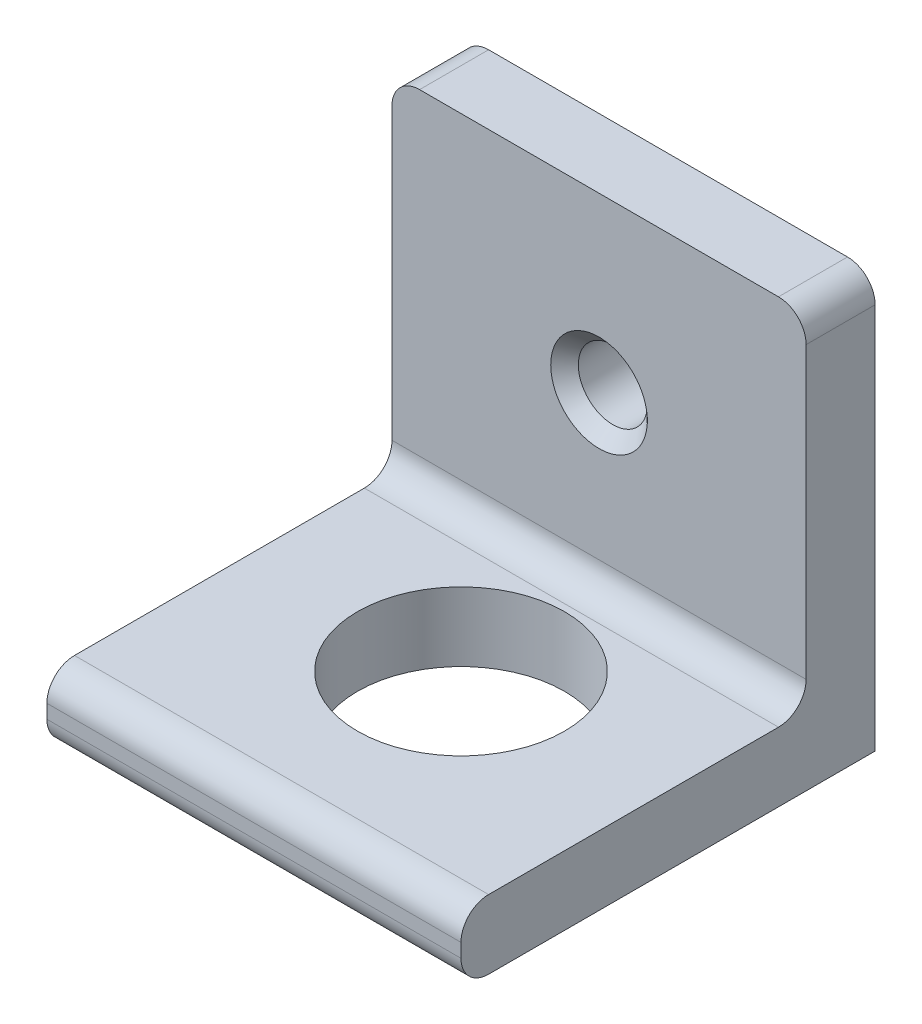
ISO-10303-21;
HEADER;
FILE_DESCRIPTION(('STEP AP214'),'2;1');
FILE_NAME('part.step','',(''),(''),'','','');
FILE_SCHEMA(('AUTOMOTIVE_DESIGN { 1 0 10303 214 1 1 1 1 }'));
ENDSEC;
DATA;
#1=APPLICATION_CONTEXT('core data for automotive mechanical design processes');
#2=APPLICATION_PROTOCOL_DEFINITION('international standard','automotive_design',2000,#1);
#3=PRODUCT_CONTEXT('',#1,'mechanical');
#4=PRODUCT('Part','Part','',(#3));
#5=PRODUCT_RELATED_PRODUCT_CATEGORY('part','',(#4));
#6=PRODUCT_DEFINITION_FORMATION('','',#4);
#7=PRODUCT_DEFINITION_CONTEXT('part definition',#1,'design');
#8=PRODUCT_DEFINITION('design','',#6,#7);
#9=PRODUCT_DEFINITION_SHAPE('','',#8);
#10=(LENGTH_UNIT() NAMED_UNIT(*) SI_UNIT(.MILLI.,.METRE.));
#11=(NAMED_UNIT(*) PLANE_ANGLE_UNIT() SI_UNIT($,.RADIAN.));
#12=(NAMED_UNIT(*) SI_UNIT($,.STERADIAN.) SOLID_ANGLE_UNIT());
#13=UNCERTAINTY_MEASURE_WITH_UNIT(LENGTH_MEASURE(1.E-05),#10,'distance_accuracy_value','');
#14=(GEOMETRIC_REPRESENTATION_CONTEXT(3) GLOBAL_UNCERTAINTY_ASSIGNED_CONTEXT((#13)) GLOBAL_UNIT_ASSIGNED_CONTEXT((#10,
#11,#12)) REPRESENTATION_CONTEXT('',''));
#15=CARTESIAN_POINT('',(0.,0.,0.));
#16=DIRECTION('',(0.,0.,1.));
#17=DIRECTION('',(1.,0.,0.));
#18=AXIS2_PLACEMENT_3D('',#15,#16,#17);
#19=CARTESIAN_POINT('',(0.,5.,0.));
#20=DIRECTION('',(0.,-1.,0.));
#21=DIRECTION('',(0.,0.,-1.));
#22=AXIS2_PLACEMENT_3D('',#19,#20,#21);
#23=PLANE('',#22);
#24=CARTESIAN_POINT('',(82.3088028635692,5.,0.815715524096896));
#25=DIRECTION('',(0.,1.,0.));
#26=DIRECTION('',(0.,0.,-1.));
#27=AXIS2_PLACEMENT_3D('',#24,#25,#26);
#28=CIRCLE('',#27,7.50000000000001);
#29=CARTESIAN_POINT('',(82.3088028635692,5.,-6.68428447590312));
#30=VERTEX_POINT('',#29);
#31=EDGE_CURVE('E163',#30,#30,#28,.T.);
#32=ORIENTED_EDGE('',*,*,#31,.F.);
#33=EDGE_LOOP('',(#32));
#34=FACE_BOUND('',#33,.T.);
#35=DIRECTION('',(0.,0.,-1.));
#36=VECTOR('',#35,1.);
#37=CARTESIAN_POINT('',(67.3088028635692,5.,0.));
#38=LINE('',#37,#36);
#39=CARTESIAN_POINT('',(67.3088028635692,5.,13.8157155240969));
#40=VERTEX_POINT('',#39);
#41=CARTESIAN_POINT('',(67.3088028635692,5.,-7.18428447590311));
#42=VERTEX_POINT('',#41);
#43=EDGE_CURVE('E117',#40,#42,#38,.T.);
#44=ORIENTED_EDGE('',*,*,#43,.F.);
#45=DIRECTION('',(1.,0.,0.));
#46=VECTOR('',#45,1.);
#47=CARTESIAN_POINT('',(0.,5.,13.8157155240969));
#48=LINE('',#47,#46);
#49=CARTESIAN_POINT('',(97.3088028635692,5.,13.8157155240969));
#50=VERTEX_POINT('',#49);
#51=EDGE_CURVE('E183',#40,#50,#48,.T.);
#52=ORIENTED_EDGE('',*,*,#51,.T.);
#53=DIRECTION('',(0.,0.,-1.));
#54=VECTOR('',#53,1.);
#55=CARTESIAN_POINT('',(97.3088028635692,5.,15.8157155240969));
#56=LINE('',#55,#54);
#57=CARTESIAN_POINT('',(97.3088028635692,5.,-7.18428447590311));
#58=VERTEX_POINT('',#57);
#59=EDGE_CURVE('E173',#50,#58,#56,.T.);
#60=ORIENTED_EDGE('',*,*,#59,.T.);
#61=DIRECTION('',(1.,0.,0.));
#62=VECTOR('',#61,1.);
#63=CARTESIAN_POINT('',(-52.6911971364308,5.,-7.1842844759031));
#64=LINE('',#63,#62);
#65=EDGE_CURVE('E181',#58,#42,#64,.F.);
#66=ORIENTED_EDGE('',*,*,#65,.T.);
#67=EDGE_LOOP('',(#44,#52,#60,#66));
#68=FACE_BOUND('',#67,.T.);
#69=ADVANCED_FACE('F33',(#34,#68),#23,.F.);
#70=CARTESIAN_POINT('',(-52.6911971364308,5.,15.8157155240969));
#71=DIRECTION('',(0.,0.,-1.));
#72=DIRECTION('',(-1.,0.,0.));
#73=AXIS2_PLACEMENT_3D('',#70,#71,#72);
#74=PLANE('',#73);
#75=DIRECTION('',(0.,1.,0.));
#76=VECTOR('',#75,1.);
#77=CARTESIAN_POINT('',(67.3088028635692,5.,15.8157155240969));
#78=LINE('',#77,#76);
#79=CARTESIAN_POINT('',(67.3088028635692,2.,15.8157155240969));
#80=VERTEX_POINT('',#79);
#81=CARTESIAN_POINT('',(67.3088028635692,3.,15.8157155240969));
#82=VERTEX_POINT('',#81);
#83=EDGE_CURVE('E223',#80,#82,#78,.T.);
#84=ORIENTED_EDGE('',*,*,#83,.F.);
#85=DIRECTION('',(1.,0.,0.));
#86=VECTOR('',#85,1.);
#87=CARTESIAN_POINT('',(97.3088028635692,2.,15.8157155240969));
#88=LINE('',#87,#86);
#89=CARTESIAN_POINT('',(97.3088028635692,2.,15.8157155240969));
#90=VERTEX_POINT('',#89);
#91=EDGE_CURVE('E243',#80,#90,#88,.T.);
#92=ORIENTED_EDGE('',*,*,#91,.T.);
#93=DIRECTION('',(0.,-1.,0.));
#94=VECTOR('',#93,1.);
#95=CARTESIAN_POINT('',(97.3088028635692,5.,15.8157155240969));
#96=LINE('',#95,#94);
#97=CARTESIAN_POINT('',(97.3088028635692,3.,15.8157155240969));
#98=VERTEX_POINT('',#97);
#99=EDGE_CURVE('E191',#98,#90,#96,.T.);
#100=ORIENTED_EDGE('',*,*,#99,.F.);
#101=DIRECTION('',(1.,0.,0.));
#102=VECTOR('',#101,1.);
#103=CARTESIAN_POINT('',(-52.6911971364308,3.,15.8157155240969));
#104=LINE('',#103,#102);
#105=EDGE_CURVE('E238',#98,#82,#104,.F.);
#106=ORIENTED_EDGE('',*,*,#105,.T.);
#107=EDGE_LOOP('',(#84,#92,#100,#106));
#108=FACE_BOUND('',#107,.T.);
#109=ADVANCED_FACE('F241',(#108),#74,.F.);
#110=CARTESIAN_POINT('',(-52.6911971364308,5.,-14.1842844759031));
#111=DIRECTION('',(0.,0.,1.));
#112=DIRECTION('',(1.,0.,0.));
#113=AXIS2_PLACEMENT_3D('',#110,#111,#112);
#114=PLANE('',#113);
#115=CARTESIAN_POINT('',(82.3088028635692,17.4786642448446,-14.1842844759031));
#116=DIRECTION('',(0.,0.,1.));
#117=DIRECTION('',(1.,0.,0.));
#118=AXIS2_PLACEMENT_3D('',#115,#116,#117);
#119=CIRCLE('',#118,2.50000000000001);
#120=CARTESIAN_POINT('',(84.8088028635692,17.4786642448446,-14.1842844759031));
#121=VERTEX_POINT('',#120);
#122=EDGE_CURVE('E219',#121,#121,#119,.T.);
#123=ORIENTED_EDGE('',*,*,#122,.T.);
#124=EDGE_LOOP('',(#123));
#125=FACE_BOUND('',#124,.T.);
#126=DIRECTION('',(0.,-1.,0.));
#127=VECTOR('',#126,1.);
#128=CARTESIAN_POINT('',(67.3088028635692,5.,-14.1842844759031));
#129=LINE('',#128,#127);
#130=CARTESIAN_POINT('',(67.3088028635692,28.,-14.1842844759031));
#131=VERTEX_POINT('',#130);
#132=CARTESIAN_POINT('',(67.3088028635692,0.,-14.1842844759031));
#133=VERTEX_POINT('',#132);
#134=EDGE_CURVE('E227',#131,#133,#129,.T.);
#135=ORIENTED_EDGE('',*,*,#134,.F.);
#136=CARTESIAN_POINT('',(69.3088028635692,28.,-14.1842844759031));
#137=DIRECTION('',(0.,0.,1.));
#138=DIRECTION('',(1.,0.,0.));
#139=AXIS2_PLACEMENT_3D('',#136,#137,#138);
#140=CIRCLE('',#139,2.);
#141=CARTESIAN_POINT('',(69.3088028635692,30.,-14.1842844759031));
#142=VERTEX_POINT('',#141);
#143=EDGE_CURVE('E11',#131,#142,#140,.F.);
#144=ORIENTED_EDGE('',*,*,#143,.T.);
#145=DIRECTION('',(-1.,0.,0.));
#146=VECTOR('',#145,1.);
#147=CARTESIAN_POINT('',(-52.6911971364308,30.,-14.1842844759031));
#148=LINE('',#147,#146);
#149=CARTESIAN_POINT('',(95.3088028635692,30.,-14.1842844759031));
#150=VERTEX_POINT('',#149);
#151=EDGE_CURVE('E153',#150,#142,#148,.T.);
#152=ORIENTED_EDGE('',*,*,#151,.F.);
#153=CARTESIAN_POINT('',(95.3088028635692,28.,-14.1842844759031));
#154=DIRECTION('',(0.,0.,1.));
#155=DIRECTION('',(1.,0.,0.));
#156=AXIS2_PLACEMENT_3D('',#153,#154,#155);
#157=CIRCLE('',#156,2.);
#158=CARTESIAN_POINT('',(97.3088028635692,28.,-14.1842844759031));
#159=VERTEX_POINT('',#158);
#160=EDGE_CURVE('E136',#150,#159,#157,.F.);
#161=ORIENTED_EDGE('',*,*,#160,.T.);
#162=DIRECTION('',(0.,-1.,0.));
#163=VECTOR('',#162,1.);
#164=CARTESIAN_POINT('',(97.3088028635692,5.,-14.1842844759031));
#165=LINE('',#164,#163);
#166=CARTESIAN_POINT('',(97.3088028635692,0.,-14.1842844759031));
#167=VERTEX_POINT('',#166);
#168=EDGE_CURVE('E177',#159,#167,#165,.T.);
#169=ORIENTED_EDGE('',*,*,#168,.T.);
#170=DIRECTION('',(-1.,0.,0.));
#171=VECTOR('',#170,1.);
#172=CARTESIAN_POINT('',(-52.6911971364308,0.,-14.1842844759031));
#173=LINE('',#172,#171);
#174=EDGE_CURVE('E178',#167,#133,#173,.T.);
#175=ORIENTED_EDGE('',*,*,#174,.T.);
#176=EDGE_LOOP('',(#135,#144,#152,#161,#169,#175));
#177=FACE_BOUND('',#176,.T.);
#178=ADVANCED_FACE('F250',(#125,#177),#114,.F.);
#179=CARTESIAN_POINT('',(0.,0.,0.));
#180=DIRECTION('',(0.,-1.,0.));
#181=DIRECTION('',(0.,0.,-1.));
#182=AXIS2_PLACEMENT_3D('',#179,#180,#181);
#183=PLANE('',#182);
#184=CARTESIAN_POINT('',(82.3088028635692,0.,0.815715524096896));
#185=DIRECTION('',(0.,-1.,0.));
#186=DIRECTION('',(0.,0.,-1.));
#187=AXIS2_PLACEMENT_3D('',#184,#185,#186);
#188=CIRCLE('',#187,7.50000000000001);
#189=CARTESIAN_POINT('',(82.3088028635692,0.,-6.68428447590312));
#190=VERTEX_POINT('',#189);
#191=EDGE_CURVE('E158',#190,#190,#188,.T.);
#192=ORIENTED_EDGE('',*,*,#191,.F.);
#193=EDGE_LOOP('',(#192));
#194=FACE_BOUND('',#193,.T.);
#195=DIRECTION('',(1.,0.,0.));
#196=VECTOR('',#195,1.);
#197=CARTESIAN_POINT('',(-52.6911971364308,0.,13.8157155240969));
#198=LINE('',#197,#196);
#199=CARTESIAN_POINT('',(97.3088028635692,0.,13.8157155240969));
#200=VERTEX_POINT('',#199);
#201=CARTESIAN_POINT('',(67.3088028635692,0.,13.8157155240969));
#202=VERTEX_POINT('',#201);
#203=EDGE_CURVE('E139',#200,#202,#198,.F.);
++++++++++
*WHAT YOU NEED TO DO*
All that should be written out is the stretch of lines above between the one holding "#52=ORIENTED_EDGE('',*,*,#51,.T.);" and the one holding "#102=VECTOR('',#101,1.);", inclusive, exactly as given.

*RESULT OF THE TASK*
#52=ORIENTED_EDGE('',*,*,#51,.T.);
#53=DIRECTION('',(0.,0.,-1.));
#54=VECTOR('',#53,1.);
#55=CARTESIAN_POINT('',(97.3088028635692,5.,15.8157155240969));
#56=LINE('',#55,#54);
#57=CARTESIAN_POINT('',(97.3088028635692,5.,-7.18428447590311));
#58=VERTEX_POINT('',#57);
#59=EDGE_CURVE('E173',#50,#58,#56,.T.);
#60=ORIENTED_EDGE('',*,*,#59,.T.);
#61=DIRECTION('',(1.,0.,0.));
#62=VECTOR('',#61,1.);
#63=CARTESIAN_POINT('',(-52.6911971364308,5.,-7.1842844759031));
#64=LINE('',#63,#62);
#65=EDGE_CURVE('E181',#58,#42,#64,.F.);
#66=ORIENTED_EDGE('',*,*,#65,.T.);
#67=EDGE_LOOP('',(#44,#52,#60,#66));
#68=FACE_BOUND('',#67,.T.);
#69=ADVANCED_FACE('F33',(#34,#68),#23,.F.);
#70=CARTESIAN_POINT('',(-52.6911971364308,5.,15.8157155240969));
#71=DIRECTION('',(0.,0.,-1.));
#72=DIRECTION('',(-1.,0.,0.));
#73=AXIS2_PLACEMENT_3D('',#70,#71,#72);
#74=PLANE('',#73);
#75=DIRECTION('',(0.,1.,0.));
#76=VECTOR('',#75,1.);
#77=CARTESIAN_POINT('',(67.3088028635692,5.,15.8157155240969));
#78=LINE('',#77,#76);
#79=CARTESIAN_POINT('',(67.3088028635692,2.,15.8157155240969));
#80=VERTEX_POINT('',#79);
#81=CARTESIAN_POINT('',(67.3088028635692,3.,15.8157155240969));
#82=VERTEX_POINT('',#81);
#83=EDGE_CURVE('E223',#80,#82,#78,.T.);
#84=ORIENTED_EDGE('',*,*,#83,.F.);
#85=DIRECTION('',(1.,0.,0.));
#86=VECTOR('',#85,1.);
#87=CARTESIAN_POINT('',(97.3088028635692,2.,15.8157155240969));
#88=LINE('',#87,#86);
#89=CARTESIAN_POINT('',(97.3088028635692,2.,15.8157155240969));
#90=VERTEX_POINT('',#89);
#91=EDGE_CURVE('E243',#80,#90,#88,.T.);
#92=ORIENTED_EDGE('',*,*,#91,.T.);
#93=DIRECTION('',(0.,-1.,0.));
#94=VECTOR('',#93,1.);
#95=CARTESIAN_POINT('',(97.3088028635692,5.,15.8157155240969));
#96=LINE('',#95,#94);
#97=CARTESIAN_POINT('',(97.3088028635692,3.,15.8157155240969));
#98=VERTEX_POINT('',#97);
#99=EDGE_CURVE('E191',#98,#90,#96,.T.);
#100=ORIENTED_EDGE('',*,*,#99,.F.);
#101=DIRECTION('',(1.,0.,0.));
#102=VECTOR('',#101,1.);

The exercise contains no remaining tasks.